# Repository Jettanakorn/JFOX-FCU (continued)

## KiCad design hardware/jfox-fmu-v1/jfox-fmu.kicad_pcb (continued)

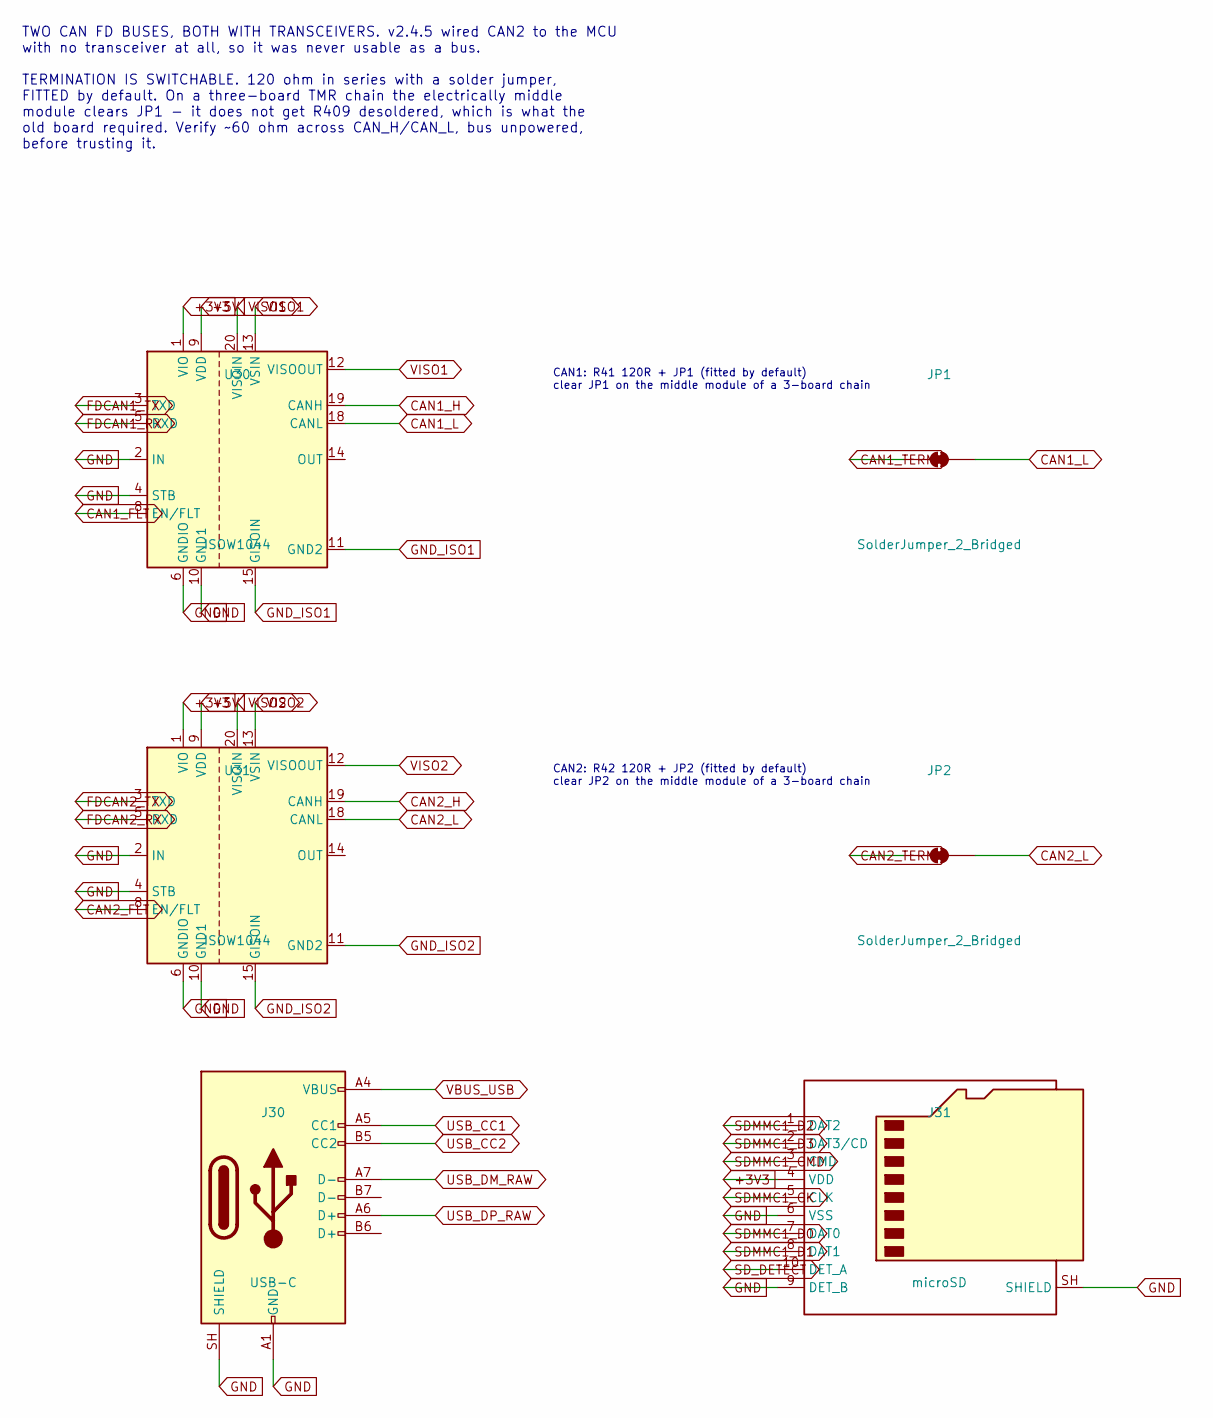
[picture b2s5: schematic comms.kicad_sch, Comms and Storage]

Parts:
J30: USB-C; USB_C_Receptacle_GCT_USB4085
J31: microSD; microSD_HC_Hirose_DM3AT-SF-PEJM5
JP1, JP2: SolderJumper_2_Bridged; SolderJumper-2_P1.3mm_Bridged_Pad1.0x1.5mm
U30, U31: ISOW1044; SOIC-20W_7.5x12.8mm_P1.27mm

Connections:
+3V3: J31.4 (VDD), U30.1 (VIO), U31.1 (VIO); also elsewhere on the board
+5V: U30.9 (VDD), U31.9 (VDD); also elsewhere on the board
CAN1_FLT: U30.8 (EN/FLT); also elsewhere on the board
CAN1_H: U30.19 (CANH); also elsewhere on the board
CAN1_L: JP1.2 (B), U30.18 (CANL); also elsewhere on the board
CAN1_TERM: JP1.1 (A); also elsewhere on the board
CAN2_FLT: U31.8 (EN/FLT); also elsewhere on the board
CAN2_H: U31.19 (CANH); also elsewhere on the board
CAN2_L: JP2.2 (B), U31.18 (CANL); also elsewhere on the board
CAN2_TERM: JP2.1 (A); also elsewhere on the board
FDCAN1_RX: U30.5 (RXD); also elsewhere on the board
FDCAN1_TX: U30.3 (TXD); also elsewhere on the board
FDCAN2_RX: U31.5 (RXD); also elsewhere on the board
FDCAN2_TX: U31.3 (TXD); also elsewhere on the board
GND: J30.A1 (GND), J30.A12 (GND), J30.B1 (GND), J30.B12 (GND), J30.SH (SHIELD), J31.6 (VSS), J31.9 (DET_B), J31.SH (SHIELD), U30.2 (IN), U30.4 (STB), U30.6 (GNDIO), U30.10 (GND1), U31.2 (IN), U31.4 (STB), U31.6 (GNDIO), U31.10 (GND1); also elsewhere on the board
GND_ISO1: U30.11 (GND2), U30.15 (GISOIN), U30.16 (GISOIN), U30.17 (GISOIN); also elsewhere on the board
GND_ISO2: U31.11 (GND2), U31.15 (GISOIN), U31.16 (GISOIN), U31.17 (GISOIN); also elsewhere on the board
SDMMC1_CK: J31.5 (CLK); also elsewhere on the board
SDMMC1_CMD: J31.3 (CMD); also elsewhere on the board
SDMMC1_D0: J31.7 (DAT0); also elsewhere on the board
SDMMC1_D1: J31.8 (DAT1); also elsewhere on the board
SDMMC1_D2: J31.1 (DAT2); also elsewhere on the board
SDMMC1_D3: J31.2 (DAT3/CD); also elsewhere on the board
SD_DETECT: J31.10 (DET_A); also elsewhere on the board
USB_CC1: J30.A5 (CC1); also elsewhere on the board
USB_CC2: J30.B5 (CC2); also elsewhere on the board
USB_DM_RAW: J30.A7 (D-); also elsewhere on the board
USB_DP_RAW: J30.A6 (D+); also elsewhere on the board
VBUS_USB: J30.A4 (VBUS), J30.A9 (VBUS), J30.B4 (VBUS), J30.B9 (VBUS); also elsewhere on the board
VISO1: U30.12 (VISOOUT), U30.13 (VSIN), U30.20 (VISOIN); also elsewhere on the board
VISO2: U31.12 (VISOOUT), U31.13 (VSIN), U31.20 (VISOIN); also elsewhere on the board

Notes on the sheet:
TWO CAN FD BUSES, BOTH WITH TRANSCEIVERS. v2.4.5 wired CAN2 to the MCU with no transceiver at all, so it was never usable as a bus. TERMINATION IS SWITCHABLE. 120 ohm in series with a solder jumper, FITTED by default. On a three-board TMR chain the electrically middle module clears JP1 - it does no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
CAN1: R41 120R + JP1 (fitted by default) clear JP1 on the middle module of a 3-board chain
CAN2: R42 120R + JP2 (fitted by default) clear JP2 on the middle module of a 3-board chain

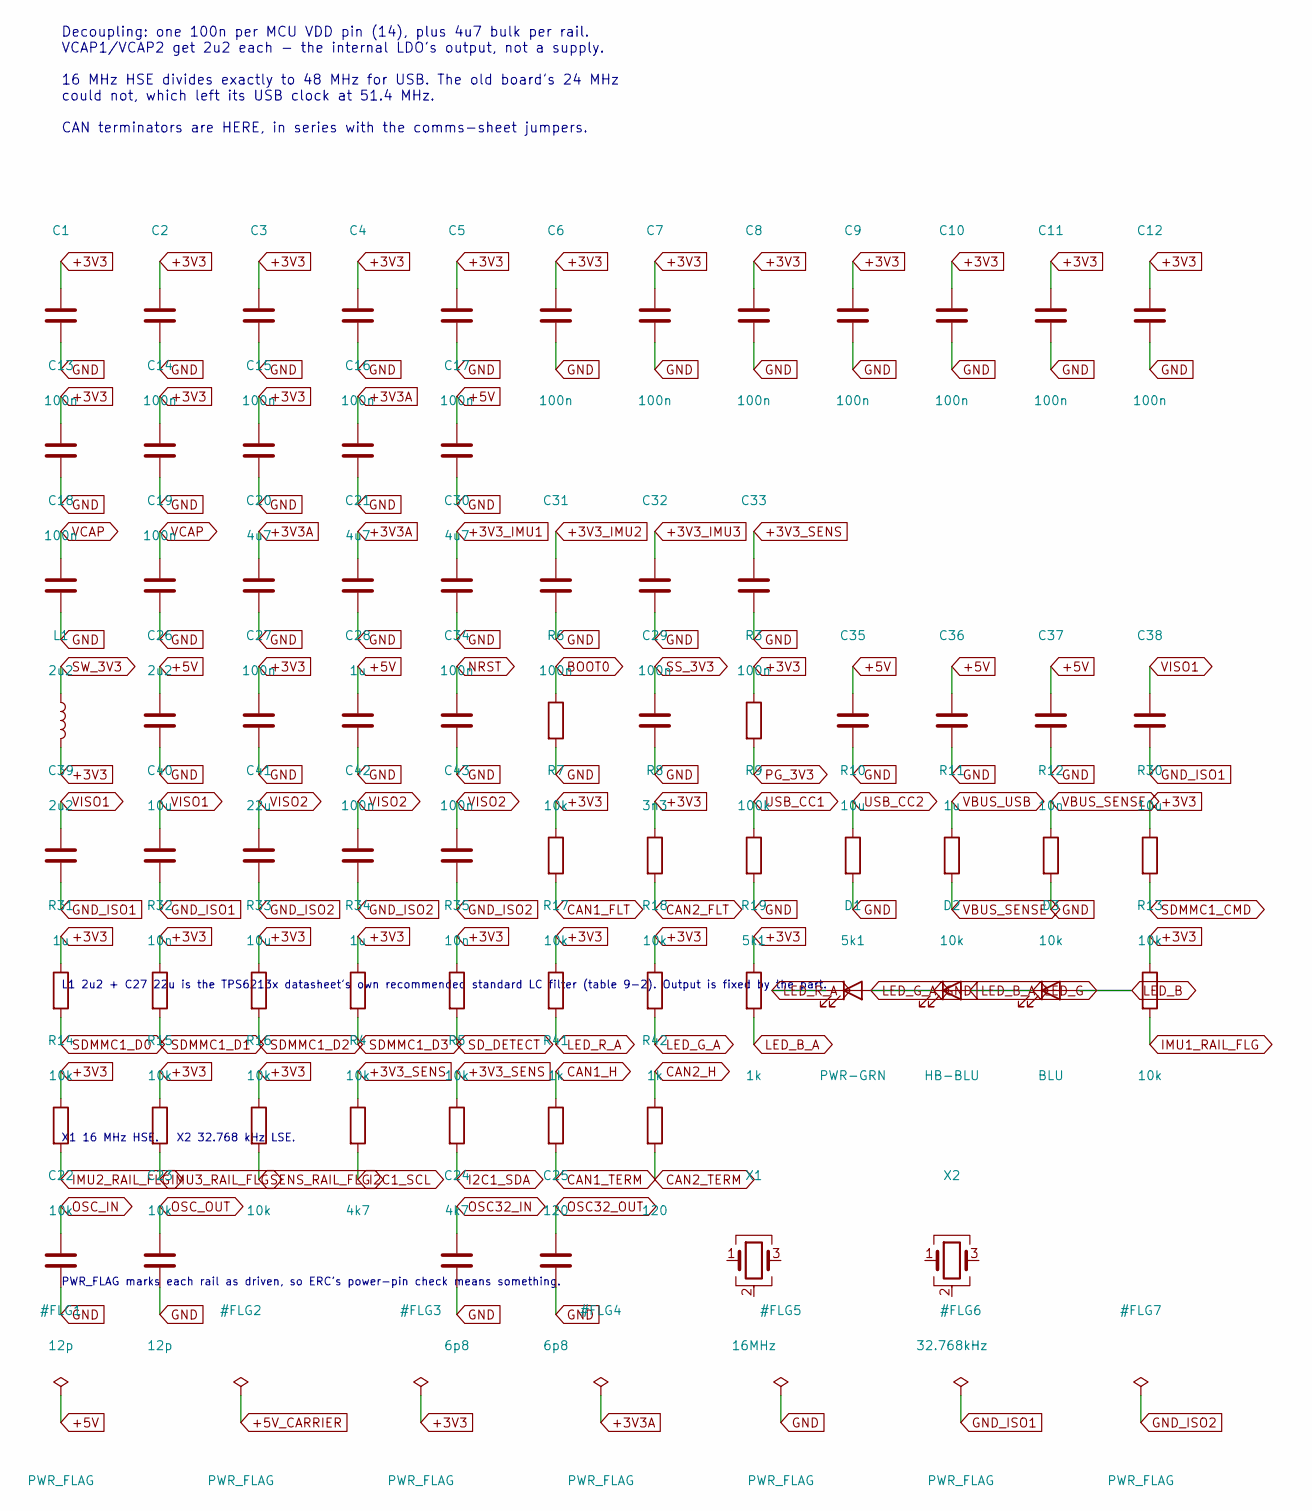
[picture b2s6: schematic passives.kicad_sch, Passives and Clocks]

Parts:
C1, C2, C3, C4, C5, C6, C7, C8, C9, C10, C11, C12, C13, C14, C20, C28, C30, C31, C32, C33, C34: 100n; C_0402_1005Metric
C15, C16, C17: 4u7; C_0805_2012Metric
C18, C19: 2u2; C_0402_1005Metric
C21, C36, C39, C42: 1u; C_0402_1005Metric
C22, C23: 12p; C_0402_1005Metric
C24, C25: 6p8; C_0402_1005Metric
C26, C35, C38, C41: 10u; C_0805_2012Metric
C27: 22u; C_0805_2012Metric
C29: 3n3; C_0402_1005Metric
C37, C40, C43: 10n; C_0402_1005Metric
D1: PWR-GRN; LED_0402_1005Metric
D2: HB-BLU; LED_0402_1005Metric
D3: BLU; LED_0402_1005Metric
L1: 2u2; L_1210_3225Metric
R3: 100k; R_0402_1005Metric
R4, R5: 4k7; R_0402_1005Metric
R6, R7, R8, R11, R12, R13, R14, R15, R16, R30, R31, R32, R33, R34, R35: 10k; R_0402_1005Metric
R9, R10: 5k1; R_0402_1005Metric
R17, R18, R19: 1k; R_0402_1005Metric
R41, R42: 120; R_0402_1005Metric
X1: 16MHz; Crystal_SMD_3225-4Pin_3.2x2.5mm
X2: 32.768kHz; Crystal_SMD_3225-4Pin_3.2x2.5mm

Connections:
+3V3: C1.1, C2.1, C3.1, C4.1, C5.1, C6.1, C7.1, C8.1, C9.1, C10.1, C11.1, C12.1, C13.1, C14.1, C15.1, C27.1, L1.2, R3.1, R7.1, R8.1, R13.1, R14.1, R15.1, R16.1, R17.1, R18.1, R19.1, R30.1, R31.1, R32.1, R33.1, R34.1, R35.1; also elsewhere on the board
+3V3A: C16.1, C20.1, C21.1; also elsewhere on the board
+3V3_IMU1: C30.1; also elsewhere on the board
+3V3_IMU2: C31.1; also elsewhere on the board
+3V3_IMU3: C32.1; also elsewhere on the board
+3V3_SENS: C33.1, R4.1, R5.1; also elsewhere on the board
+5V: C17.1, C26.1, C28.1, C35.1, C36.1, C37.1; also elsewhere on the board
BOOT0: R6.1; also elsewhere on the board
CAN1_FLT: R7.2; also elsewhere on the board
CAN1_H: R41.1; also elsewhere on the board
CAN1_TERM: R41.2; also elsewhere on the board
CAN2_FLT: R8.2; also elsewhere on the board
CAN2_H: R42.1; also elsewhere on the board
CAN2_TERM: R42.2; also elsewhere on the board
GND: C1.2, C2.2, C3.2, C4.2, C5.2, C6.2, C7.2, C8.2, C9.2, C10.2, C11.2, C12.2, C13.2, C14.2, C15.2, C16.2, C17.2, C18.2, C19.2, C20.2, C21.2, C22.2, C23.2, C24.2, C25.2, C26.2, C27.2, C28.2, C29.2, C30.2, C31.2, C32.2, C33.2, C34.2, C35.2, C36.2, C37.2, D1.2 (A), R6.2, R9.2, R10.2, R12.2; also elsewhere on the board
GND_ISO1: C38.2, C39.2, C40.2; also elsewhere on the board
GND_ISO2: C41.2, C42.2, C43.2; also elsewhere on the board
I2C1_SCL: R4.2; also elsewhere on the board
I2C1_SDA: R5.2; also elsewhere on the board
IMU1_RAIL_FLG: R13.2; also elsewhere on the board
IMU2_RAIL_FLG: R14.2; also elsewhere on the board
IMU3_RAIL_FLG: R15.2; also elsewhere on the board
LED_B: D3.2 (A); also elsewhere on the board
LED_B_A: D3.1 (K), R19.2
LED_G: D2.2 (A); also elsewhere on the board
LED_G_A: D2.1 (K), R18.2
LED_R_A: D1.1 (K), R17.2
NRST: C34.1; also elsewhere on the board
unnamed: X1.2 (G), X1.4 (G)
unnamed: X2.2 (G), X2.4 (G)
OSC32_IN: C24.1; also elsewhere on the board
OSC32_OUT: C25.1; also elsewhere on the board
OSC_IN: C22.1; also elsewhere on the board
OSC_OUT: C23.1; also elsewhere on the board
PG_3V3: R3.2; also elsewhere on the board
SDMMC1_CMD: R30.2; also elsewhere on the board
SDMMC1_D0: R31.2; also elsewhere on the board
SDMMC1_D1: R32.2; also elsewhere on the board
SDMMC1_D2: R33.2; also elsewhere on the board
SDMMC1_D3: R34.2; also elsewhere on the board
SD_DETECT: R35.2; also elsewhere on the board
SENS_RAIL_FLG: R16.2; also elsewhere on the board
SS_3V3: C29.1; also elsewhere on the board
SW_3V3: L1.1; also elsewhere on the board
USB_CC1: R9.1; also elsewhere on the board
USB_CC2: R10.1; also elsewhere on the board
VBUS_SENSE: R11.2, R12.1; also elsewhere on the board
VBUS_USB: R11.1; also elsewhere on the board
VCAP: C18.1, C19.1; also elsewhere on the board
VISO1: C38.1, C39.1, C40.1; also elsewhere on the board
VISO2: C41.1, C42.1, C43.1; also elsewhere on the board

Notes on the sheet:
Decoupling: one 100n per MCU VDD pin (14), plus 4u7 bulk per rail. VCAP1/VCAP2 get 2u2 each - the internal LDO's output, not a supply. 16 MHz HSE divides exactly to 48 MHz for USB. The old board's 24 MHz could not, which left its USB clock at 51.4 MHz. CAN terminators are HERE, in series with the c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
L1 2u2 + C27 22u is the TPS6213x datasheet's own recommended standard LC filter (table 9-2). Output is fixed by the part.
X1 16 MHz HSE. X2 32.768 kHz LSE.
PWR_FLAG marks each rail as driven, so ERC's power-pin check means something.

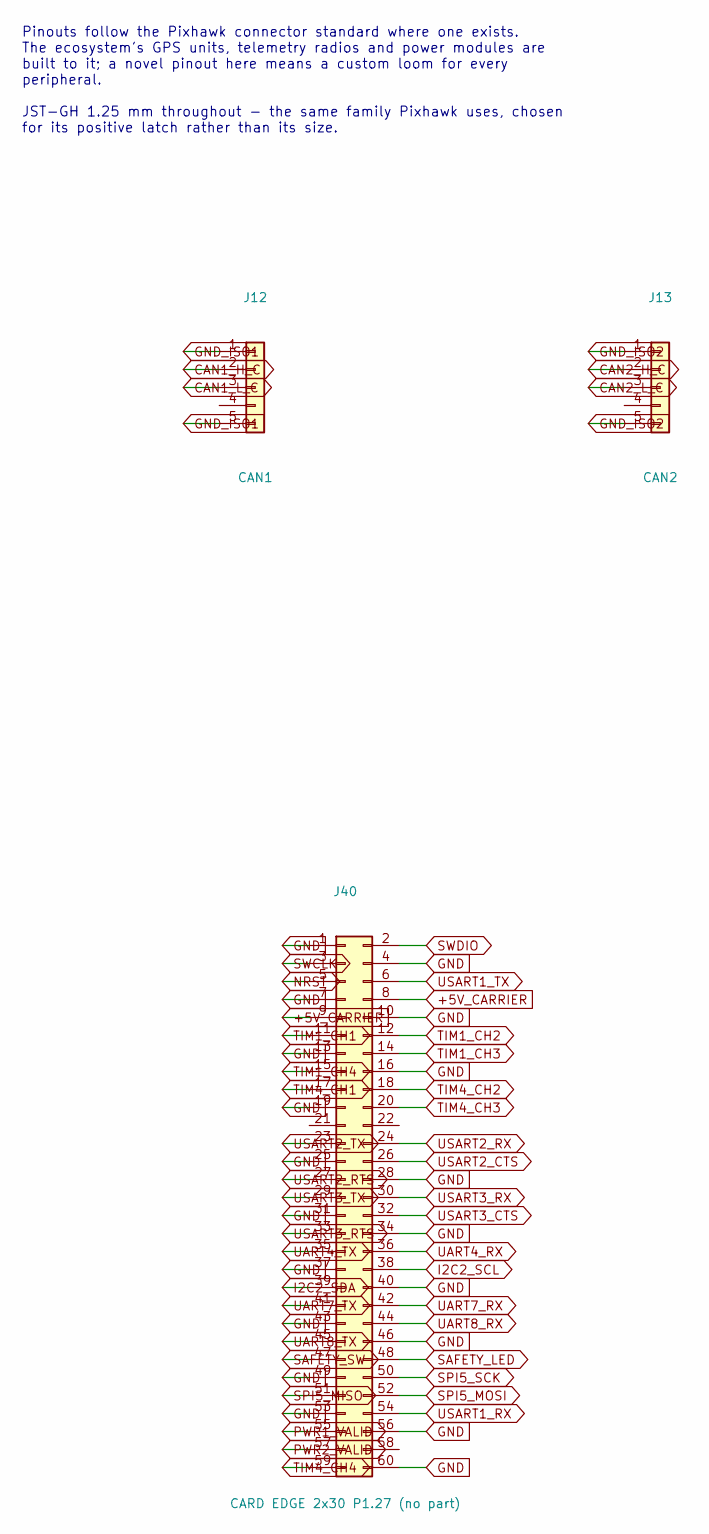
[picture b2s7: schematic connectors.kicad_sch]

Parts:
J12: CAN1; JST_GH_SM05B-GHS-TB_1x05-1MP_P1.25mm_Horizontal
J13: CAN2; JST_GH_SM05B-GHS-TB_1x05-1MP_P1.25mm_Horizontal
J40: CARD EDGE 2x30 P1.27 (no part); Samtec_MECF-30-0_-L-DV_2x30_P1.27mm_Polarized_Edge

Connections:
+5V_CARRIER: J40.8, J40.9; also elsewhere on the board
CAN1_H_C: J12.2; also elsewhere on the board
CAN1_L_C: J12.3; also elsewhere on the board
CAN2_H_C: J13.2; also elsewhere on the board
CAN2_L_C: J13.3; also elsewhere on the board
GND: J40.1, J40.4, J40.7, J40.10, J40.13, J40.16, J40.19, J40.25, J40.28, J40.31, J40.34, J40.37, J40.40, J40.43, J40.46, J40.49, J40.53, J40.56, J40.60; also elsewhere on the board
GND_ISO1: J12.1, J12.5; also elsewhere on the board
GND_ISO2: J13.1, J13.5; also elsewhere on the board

GOAL OF THE EXERCISE – Please reproduce the lines from the line with "C37.1; also elsewhere on the board" to the line with "CAN2_TERM: R42.2; also elsewhere on the board", both ends included, exactly as they appear above.

RESPONSE BOX –
+5V: C17.1, C26.1, C28.1, C35.1, C36.1, C37.1; also elsewhere on the board
BOOT0: R6.1; also elsewhere on the board
CAN1_FLT: R7.2; also elsewhere on the board
CAN1_H: R41.1; also elsewhere on the board
CAN1_TERM: R41.2; also elsewhere on the board
CAN2_FLT: R8.2; also elsewhere on the board
CAN2_H: R42.1; also elsewhere on the board
CAN2_TERM: R42.2; also elsewhere on the board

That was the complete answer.